Starting at the first line of the material below, retype each line exactly until you reach the line with "import ezdxf", which is also included; pictures stay out.
[RECORDS FOR THIS EXERCISE — start]
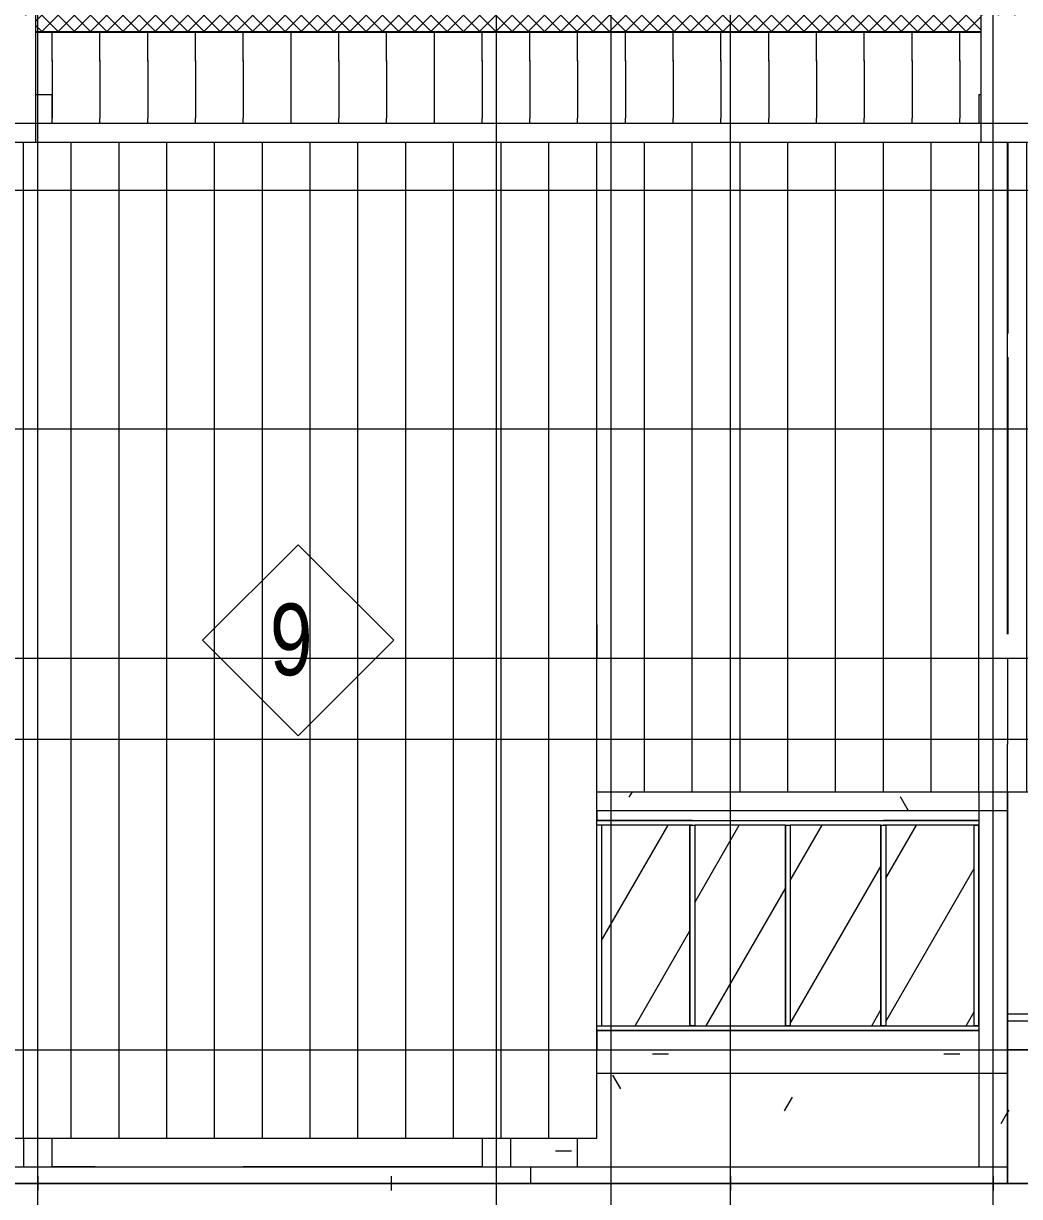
# Model space of a CAD drawing. Extents: x 692141 to 693595, y 1492301 to 1494225.
# Drawn here: x 692290.11 to 692300.53, y 1492374.68 to 1492386.96 of the extents above; entities that cross this region are included whole.
import ezdxf

# ---------------------------------------------------------------- set-up
doc = ezdxf.new("R2010")
doc.units = 0
doc.header["$MEASUREMENT"] = 0
doc.linetypes.add('Centre', pattern=[7937.5, 1587.5, -1190.625, 3968.75, -1190.625])
doc.linetypes.add('Grid Line', pattern=[5556.25, 3175, -793.75, 793.75, -793.75])
for name, color, linetype, lineweight in [('A-COLS', 52, 'Continuous', 5), ('A-DETL-GENF', 92, 'Continuous', 5), ('A-FLOR', 192, 'Continuous', 5), ('A-FLOR-LEVL', 8, 'Grid Line', 5), ('A-GENM', 13, 'Continuous', 5), ('A-GLAZ-CURT', 52, 'Continuous', 5), ('A-GLAZ-CWMG', 51, 'Continuous', 5), ('A-ROOF', 132, 'Continuous', 5), ('A-ROOF-OTLN', 132, 'Continuous', 5), ('A-ROOF-PATT', 132, 'Continuous', 5), ('A-WALL-IDEN', 211, 'Continuous', 5), ('A-WALL-PATT', 111, 'Continuous', 5), ('S-BEAM', 12, 'Continuous', 5), ('S-GRID', 1, 'Continuous', 5)]:
    doc.layers.add(name, color=color, linetype=linetype, lineweight=lineweight)
doc.layers.add('A-WALL', color=2, linetype='Continuous')
doc.styles.add('Browallia New_3', font='Browallia New.ttf', dxfattribs={"width": 0.8, "height": 0.8})
pattern_1 = [(0, (212730.054, 1200), (4064, 1016), [167.64, -2880.36, 167.64, -2880.36, -16256]), (0, (212730.054, 1200), (4064, 1016), [-6096, 167.64, -5928.36, 167.64, -2880.36, -7112]), (0, (212730.054, 1200), (4064, 1016), [-15240, 167.64, -1864.36, 167.64, -4912.36]), (120, (214254.054, 1708), (-2911.881810244989, 3011.527240979959), [167.64, -2880.36, 167.64, -2880.36, -16256]), (120, (214254.054, 1708), (-2911.881810244989, 3011.527240979959), [-6095.999999999999, 167.64, -5928.359999999999, 167.64, -2880.36, -7111.999999999999]), (120, (214254.054, 1708), (-2911.881810244989, 3011.527240979959), [-15240, 167.64, -1864.36, 167.64, -4912.359999999999]), (240, (214762.054, 3740), (-1152.118189755009, -4027.527240979959), [167.64, -2880.36, 167.64, -2880.36, -16256]), (240, (214762.054, 3740), (-1152.118189755009, -4027.527240979959), [-6096, 167.64, -5928.36, 167.64, -2880.36, -7112]), (240, (214762.054, 3740), (-1152.118189755009, -4027.527240979959), [-15240, 167.64, -1864.36, 167.64, -4912.36])]
pattern_2 = [(90, (692295.6080524233, 1492376.213383746), (-0.5, 3.061616997868383e-17), [])]

# ---------------------------------------------------------------- blocks, each defined once
blk = doc.blocks.new('HAVI-DC_R19_AR_102_MEZZANINE FLOOR_rvt-2-500_ELEVATION 4')
at = {"layer": 'A-WALL', "color": 7}
blk.add_line((42649.63631146737, 8650), (42649.63631146737, 5750.000000000934), dxfattribs=at)
blk = doc.blocks.new('HAVI-DC_R19_AR_801_WALK WAY ROOF_rvt-2-500_ELEVATION 4')
at = {"layer": 'A-ROOF', "color": 7}
for p, q in [((38349.63631146334, 5850.190991877169), (38349.63631146335, 5974.862367840427)), ((38349.63631146336, 5800.000000000002), (38349.63631146335, 5924.671375963259)), ((38349.63631146334, 5800.000000000002), (38349.63631146334, 5850.190991877169)), ((38349.63631146333, 5826.000000000001), (38349.63631146333, 5850.000000000001))]:
    blk.add_line(p, q, dxfattribs=at)
at = {"layer": 'A-ROOF-OTLN', "color": 7}
for p, q in [((38349.63631146333, 5850.000000000001), (38349.63631146333, 5700.000000000002)), ((38349.63631146333, 5700.000000000002), (38349.63631146333, 5650.000000000001)), ((38349.63631146333, 5650.000000000001), (38349.63631146333, 5500.000000000002))]:
    blk.add_line(p, q, dxfattribs=at)
blk = doc.blocks.new('HAVI-DC_R19_AR_103_LEVEL 2 FLOOR_rvt-2-500_ELEVATION 4')
at = {"layer": 'A-FLOR', "color": 7}
blk.add_line((42649.63631146736, 8650), (42649.63631146736, 8900), dxfattribs=at)
at = {"layer": 'A-WALL', "color": 7}
blk.add_line((42649.63631146739, 10900.00000000001), (42649.63631146739, 8899.99999999991), dxfattribs=at)
blk = doc.blocks.new('HAVI-DC_R19_AR_120_STRUCTURE_rvt-2-500_ELEVATION 4')
at = {"layer": 'S-BEAM'}
h = blk.add_hatch(dxfattribs=at)
h.set_pattern_fill('FP_109', color=256, style=0, pattern_type=2)
h.set_pattern_definition(pattern_1)
h.paths.add_polyline_path([(40964.87638600478, 3900.000000000015), (42349.7546187798, 3900.000000000015), (42349.7546187798, 4099.999999996989), (38349.6363114671, 4099.999999996989), (38349.6363114671, 3900.000000000015), (38871.63521508148, 3900.000000000015)], flags=0)
h = blk.add_hatch(dxfattribs=at)
h.set_pattern_fill('FP_109', color=256, style=0, pattern_type=2)
h.set_pattern_definition(pattern_1)
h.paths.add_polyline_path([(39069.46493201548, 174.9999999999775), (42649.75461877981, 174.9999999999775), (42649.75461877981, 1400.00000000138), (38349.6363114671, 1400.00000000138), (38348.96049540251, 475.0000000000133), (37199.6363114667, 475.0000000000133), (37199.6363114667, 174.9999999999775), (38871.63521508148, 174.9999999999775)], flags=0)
[RECORDS FOR THIS EXERCISE — finish]
SOLUTION BELOW —
# Model space of a CAD drawing. Extents: x 692141 to 693595, y 1492301 to 1494225.
# Drawn here: x 692290.11 to 692300.53, y 1492374.68 to 1492386.96 of the extents above; entities that cross this region are included whole.
import ezdxf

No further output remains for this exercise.